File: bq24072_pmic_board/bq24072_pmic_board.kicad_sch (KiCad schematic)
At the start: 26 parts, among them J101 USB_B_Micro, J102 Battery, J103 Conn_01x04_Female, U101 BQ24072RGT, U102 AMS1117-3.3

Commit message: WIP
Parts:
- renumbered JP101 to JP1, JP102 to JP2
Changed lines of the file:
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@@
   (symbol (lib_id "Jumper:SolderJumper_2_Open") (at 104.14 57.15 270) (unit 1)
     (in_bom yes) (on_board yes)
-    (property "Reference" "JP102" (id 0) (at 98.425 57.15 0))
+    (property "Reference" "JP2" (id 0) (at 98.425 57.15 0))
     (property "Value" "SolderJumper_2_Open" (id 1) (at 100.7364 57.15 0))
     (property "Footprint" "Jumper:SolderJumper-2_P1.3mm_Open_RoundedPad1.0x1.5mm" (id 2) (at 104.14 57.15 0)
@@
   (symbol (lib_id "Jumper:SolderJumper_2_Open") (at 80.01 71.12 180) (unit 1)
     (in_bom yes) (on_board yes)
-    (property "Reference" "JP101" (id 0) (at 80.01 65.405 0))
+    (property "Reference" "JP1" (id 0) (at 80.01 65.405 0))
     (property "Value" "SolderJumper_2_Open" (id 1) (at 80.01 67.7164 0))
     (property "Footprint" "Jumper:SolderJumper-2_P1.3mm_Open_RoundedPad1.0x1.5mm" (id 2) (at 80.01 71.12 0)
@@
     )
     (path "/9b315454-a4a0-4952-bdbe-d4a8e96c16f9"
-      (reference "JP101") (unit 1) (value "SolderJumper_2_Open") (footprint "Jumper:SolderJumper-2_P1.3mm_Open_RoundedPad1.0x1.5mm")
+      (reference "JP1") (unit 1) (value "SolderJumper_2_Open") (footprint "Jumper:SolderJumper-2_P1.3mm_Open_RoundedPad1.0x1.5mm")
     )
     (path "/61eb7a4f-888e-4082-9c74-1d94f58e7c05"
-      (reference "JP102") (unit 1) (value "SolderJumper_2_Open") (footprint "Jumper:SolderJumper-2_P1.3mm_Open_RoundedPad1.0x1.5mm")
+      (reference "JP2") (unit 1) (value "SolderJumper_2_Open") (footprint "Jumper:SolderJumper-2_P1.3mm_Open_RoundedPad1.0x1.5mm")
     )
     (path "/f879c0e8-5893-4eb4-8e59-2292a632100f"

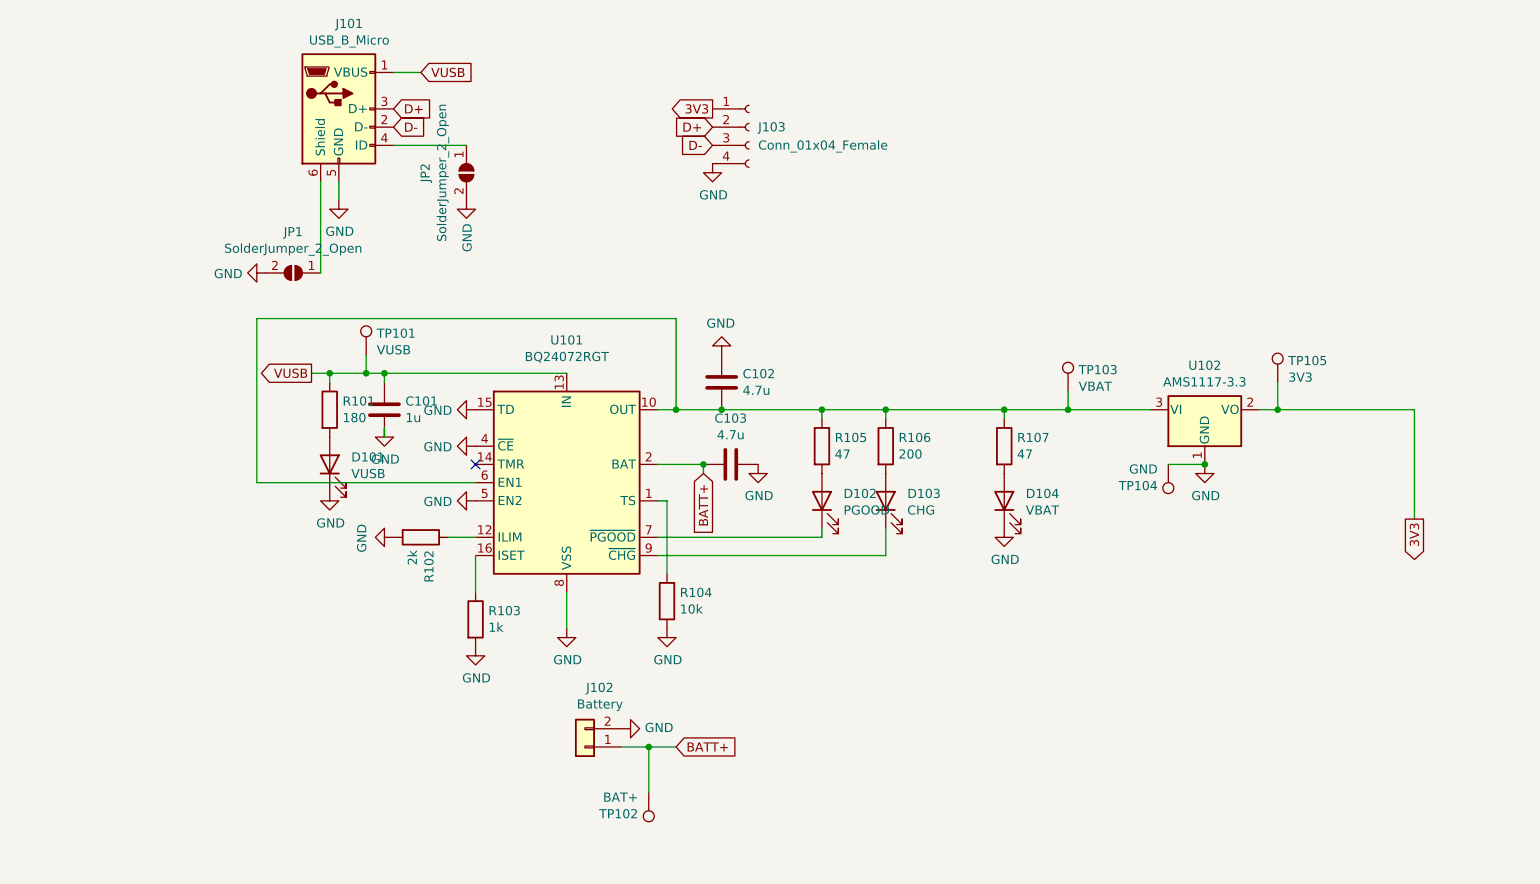
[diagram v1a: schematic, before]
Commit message: [bq24072_pmic_board] Use hierarchical sheet for bq24072
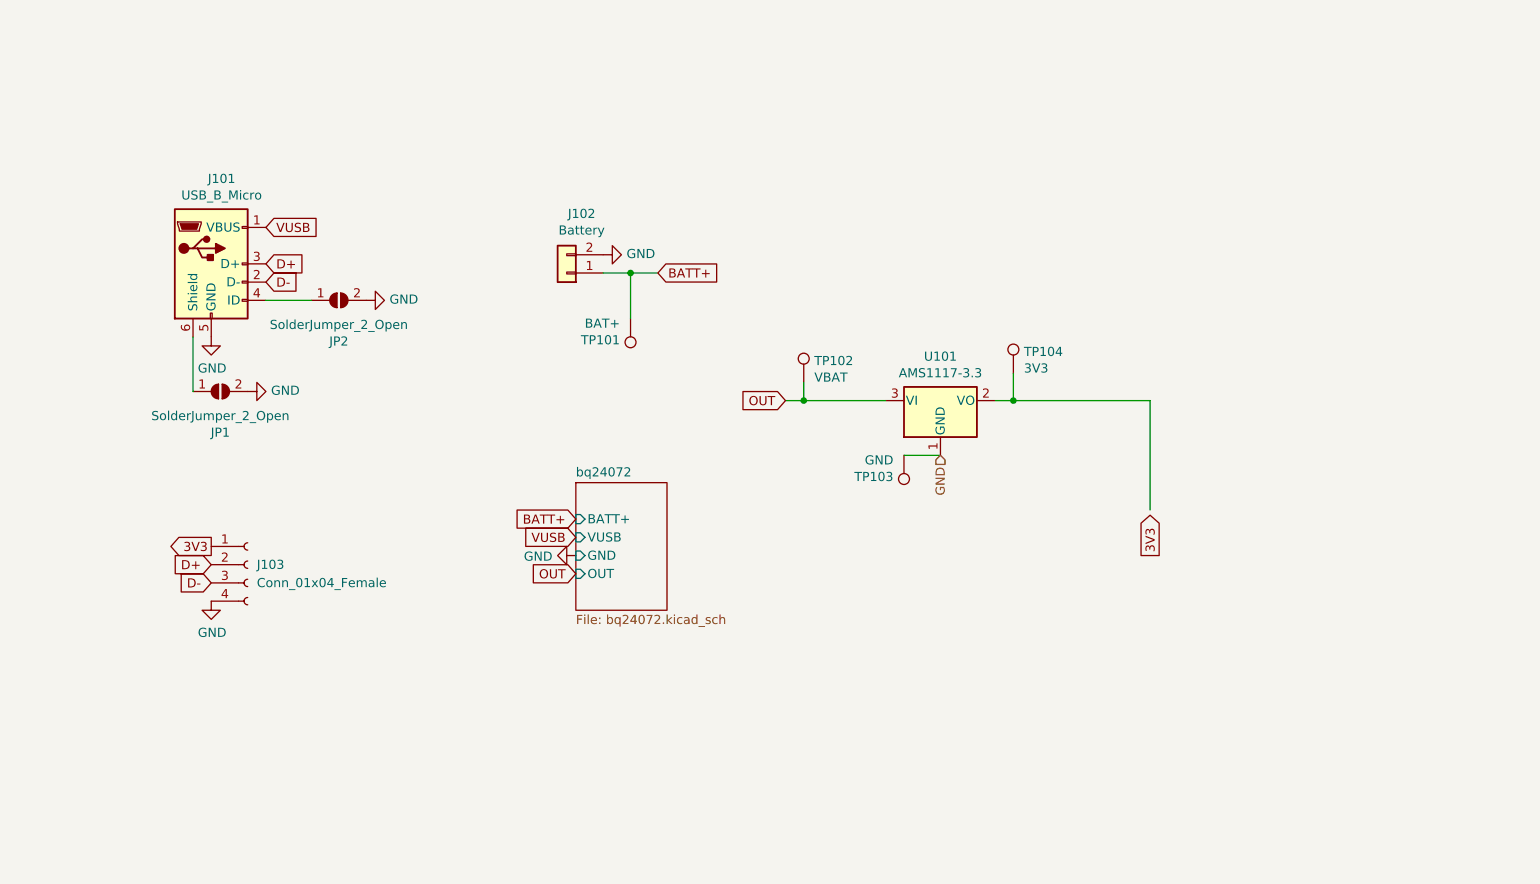
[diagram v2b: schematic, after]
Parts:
- removed C101: 1u, Capacitor_SMD:C_0603_1608Metric, symbol Device:C
- removed C102, C103: 4.7u, Capacitor_SMD:C_0603_1608Metric, symbol Device:C
- removed D101: VUSB, LED_SMD:LED_0603_1608Metric, symbol Device:LED
- removed D102: PGOOD, LED_SMD:LED_0603_1608Metric, symbol Device:LED
- removed D103: CHG, LED_SMD:LED_0805_2012Metric, symbol Device:LED
- removed D104: VBAT, LED_SMD:LED_0603_1608Metric, symbol Device:LED
- removed R101: 180, Resistor_SMD:R_0603_1608Metric, symbol Device:R
- removed R102: 2k, Resistor_SMD:R_0603_1608Metric, symbol Device:R
- removed R103: 1k, Resistor_SMD:R_0603_1608Metric, symbol Device:R
- removed R104: 10k, Resistor_SMD:R_0603_1608Metric, symbol Device:R
- removed R105, R107: 47, Resistor_SMD:R_0603_1608Metric, symbol Device:R
- removed R106: 200, Resistor_SMD:R_0603_1608Metric, symbol Device:R
- removed TP105: 3V3, TestPoint:TestPoint_Pad_D2.0mm, symbol Connector:TestPoint
- removed U101: BQ24072RGT, Package_DFN_QFN:VQFN-16-1EP_3x3mm_P0.5mm_EP1.6x1.6mm, symbol Battery_Management:BQ24072RGT
- removed U102: AMS1117-3.3, Package_TO_SOT_SMD:SOT-223-3_TabPin2, symbol Regulator_Linear:AMS1117-3.3
- added U101: AMS1117-3.3, Package_TO_SOT_SMD:SOT-223-3_TabPin2, symbol Regulator_Linear:AMS1117-3.3
- TP101: value VUSB -> BAT+
- TP102: value BAT+ -> VBAT
- TP103: value VBAT -> GND
- TP104: value GND -> 3V3
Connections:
- net BATT+: now also TP101.1; no longer TP102.1
- net GND: now also TP103.1, U101.1 (GND); no longer TP104.1
- net VUSB: no longer TP101.1
- new net: TP104.1, U101.2 (VO)
- new net OUT: TP102.1, U101.3 (VI)
- no-connect marks 1 -> 0
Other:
- added sheet bq24072 (bq24072.kicad_sch)
- moved on the sheet: J101, J103, JP1, JP2

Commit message: [bq24072_pmic_board] Move some LEDs from the hierarchical sheet
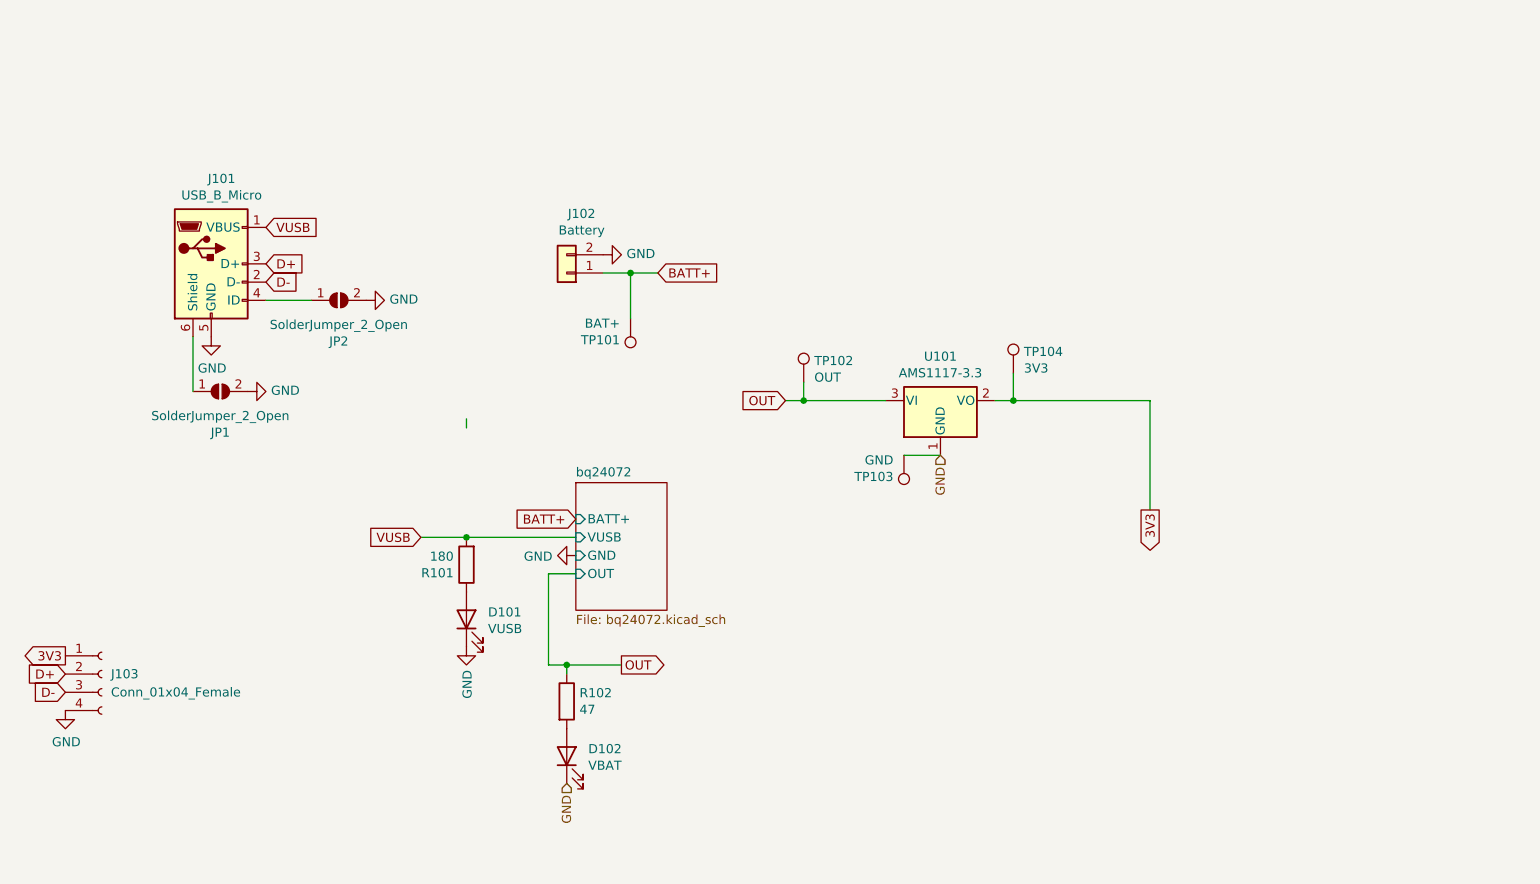
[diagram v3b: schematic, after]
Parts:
- added D101: VUSB, LED_SMD:LED_0603_1608Metric, symbol Device:LED
- added D102: VBAT, LED_SMD:LED_0603_1608Metric, symbol Device:LED
- added R101: 180, Resistor_SMD:R_0603_1608Metric, symbol Device:R
- added R102: 47, Resistor_SMD:R_0603_1608Metric, symbol Device:R
- TP102: value VBAT -> OUT
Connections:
- net 3V3: now also TP104.1, U101.2 (VO)
- net GND: now also D101.1 (K), D102.1 (K)
- net OUT: now also R102.1
- net VUSB: now also R101.2
- new net: D102.2 (A), R102.2
- new net: D101.2 (A), R101.1
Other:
- moved on the sheet: J103

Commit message: [bq24072_pmic_board] Use 1k LED resistors
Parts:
- R101: value 180 -> 1k; LCSC Part C22828 -> C21190
- R102: value 47 -> 1k; LCSC Part C23182 -> C21190
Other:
- note added: "Vf (2.7-3.7) 3.3"
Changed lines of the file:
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@@
   (junction (at 151.13 88.9) (diameter 0) (color 0 0 0 0)
   )
+  (junction (at 170.18 96.52) (diameter 0) (color 0 0 0 0)
+  )
   (junction (at 104.14 107.95) (diameter 0) (color 0 0 0 0)
   )
@@
   (wire (pts (xy 127 77.47) (xy 127 71.12))
     (stroke (width 0) (type default) (color 0 0 0 0))
+  )
+  (text "Vf (2.7-3.7) 3.3" (at 100.33 118.11 270)
+    (effects (font (size 1.27 1.27)) (justify right bottom))
+  )
+  (text "Vf (2.7-3.7) 3.3" (at 128.27 132.08 270)
+    (effects (font (size 1.27 1.27)) (justify right bottom))
   )
   (global_label "D+" (shape input) (at 76.2 69.85 0) (fields_autoplaced)
@@
     )
   )
-  (hierarchical_label "GND" (shape input) (at 170.18 96.52 270)
-    (effects (font (size 1.27 1.27)) (justify right))
-  )
   (hierarchical_label "GND" (shape input) (at 118.11 142.24 270)
     (effects (font (size 1.27 1.27)) (justify right))
@@
     )
     (property "Datasheet" "" (id 3) (at 119.38 110.49 0)
+      (effects (font (size 1.27 1.27)) hide)
+    )
+    (pin "1")
+  )
+  (symbol (lib_id "power:GND") (at 170.18 96.52 0) (unit 1)
+    (in_bom yes) (on_board yes)
+    (property "Reference" "#PWR?" (id 0) (at 170.18 102.87 0)
+      (effects (font (size 1.27 1.27)) hide)
+    )
+    (property "Value" "GND" (id 1) (at 170.307 99.7712 90)
+      (effects (font (size 1.27 1.27)) (justify right))
+    )
+    (property "Footprint" "" (id 2) (at 170.18 96.52 0)
+      (effects (font (size 1.27 1.27)) hide)
+    )
+    (property "Datasheet" "" (id 3) (at 170.18 96.52 0)
       (effects (font (size 1.27 1.27)) hide)
     )
@@
       (effects (font (size 1.27 1.27)) (justify left))
     )
-    (property "Value" "47" (id 1) (at 119.888 131.953 0)
+    (property "Value" "1k" (id 1) (at 119.888 131.953 0)
       (effects (font (size 1.27 1.27)) (justify left))
     )
@@
       (effects (font (size 1.27 1.27)) hide)
     )
-    (property "LCSC Part" "C23182" (id 4) (at 118.11 130.81 0)
+    (property "LCSC Part" "C21190" (id 4) (at 118.11 130.81 0)
       (effects (font (size 1.27 1.27)) hide)
     )
@@
       (effects (font (size 1.27 1.27)) (justify left))
     )
-    (property "Value" "180" (id 1) (at 102.362 110.617 0)
+    (property "Value" "1k" (id 1) (at 102.362 110.617 0)
       (effects (font (size 1.27 1.27)) (justify left))
     )
@@
       (effects (font (size 1.27 1.27)) hide)
     )
-    (property "LCSC Part" "C22828" (id 4) (at 104.14 111.76 0)
+    (property "LCSC Part" "C21190" (id 4) (at 104.14 111.76 0)
       (effects (font (size 1.27 1.27)) hide)
     )
@@
       (reference "#PWR0118") (unit 1) (value "GND") (footprint "")
     )
+    (path "/229c489b-396d-4e85-8644-35545e2653ea"
+      (reference "#PWR?") (unit 1) (value "GND") (footprint "")
+    )
     (path "/38395bfc-58fa-4d48-a8ef-b7c78e8545e9/37acb77a-4142-4275-bc77-22ae33700deb"
       (reference "C201") (unit 1) (value "1u") (footprint "Capacitor_SMD:C_0603_1608Metric")
@@
     )
     (path "/faa6ffcf-90bd-4ebc-954a-2152f7a206af"
-      (reference "R101") (unit 1) (value "180") (footprint "Resistor_SMD:R_0603_1608Metric")
+      (reference "R101") (unit 1) (value "1k") (footprint "Resistor_SMD:R_0603_1608Metric")
     )
     (path "/dfe7236c-fcbb-415b-ad2a-7a38253b1ce3"
-      (reference "R102") (unit 1) (value "47") (footprint "Resistor_SMD:R_0603_1608Metric")
+      (reference "R102") (unit 1) (value "1k") (footprint "Resistor_SMD:R_0603_1608Metric")
     )
     (path "/38395bfc-58fa-4d48-a8ef-b7c78e8545e9/76f2d397-8f3c-4799-a9c5-6ee7cbb8d293"
@@
     )
     (path "/38395bfc-58fa-4d48-a8ef-b7c78e8545e9/09d94f95-f953-476f-83e3-f1c6db04e6b4"
-      (reference "R205") (unit 1) (value "47") (footprint "Resistor_SMD:R_0603_1608Metric")
+      (reference "R205") (unit 1) (value "1k") (footprint "Resistor_SMD:R_0603_1608Metric")
     )
     (path "/38395bfc-58fa-4d48-a8ef-b7c78e8545e9/e8530dea-0420-47e6-8fcf-1fefae5679ea"
-      (reference "R206") (unit 1) (value "200") (footprint "Resistor_SMD:R_0603_1608Metric")
+      (reference "R206") (unit 1) (value "1k") (footprint "Resistor_SMD:R_0603_1608Metric")
     )
     (path "/6a9c45ce-3ce1-4198-a85d-be194c835774"

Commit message: final touches + v1 jlcpcb fab files
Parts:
- added TP105: VUSB, TestPoint:TestPoint_Pad_D2.0mm, symbol Connector:TestPoint
- D102: value VBAT -> OUT
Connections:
- net VUSB: now also TP105.1
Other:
- note removed: "Vf (2.7-3.7) 3.3"
- moved on the sheet: D101, D102, J101, J102, J103, JP1, JP2, R101, R102, TP101, TP102, TP103

--- --- ---

Go through the data above line by line, count those that contain the string "right", and reply with the count only.

5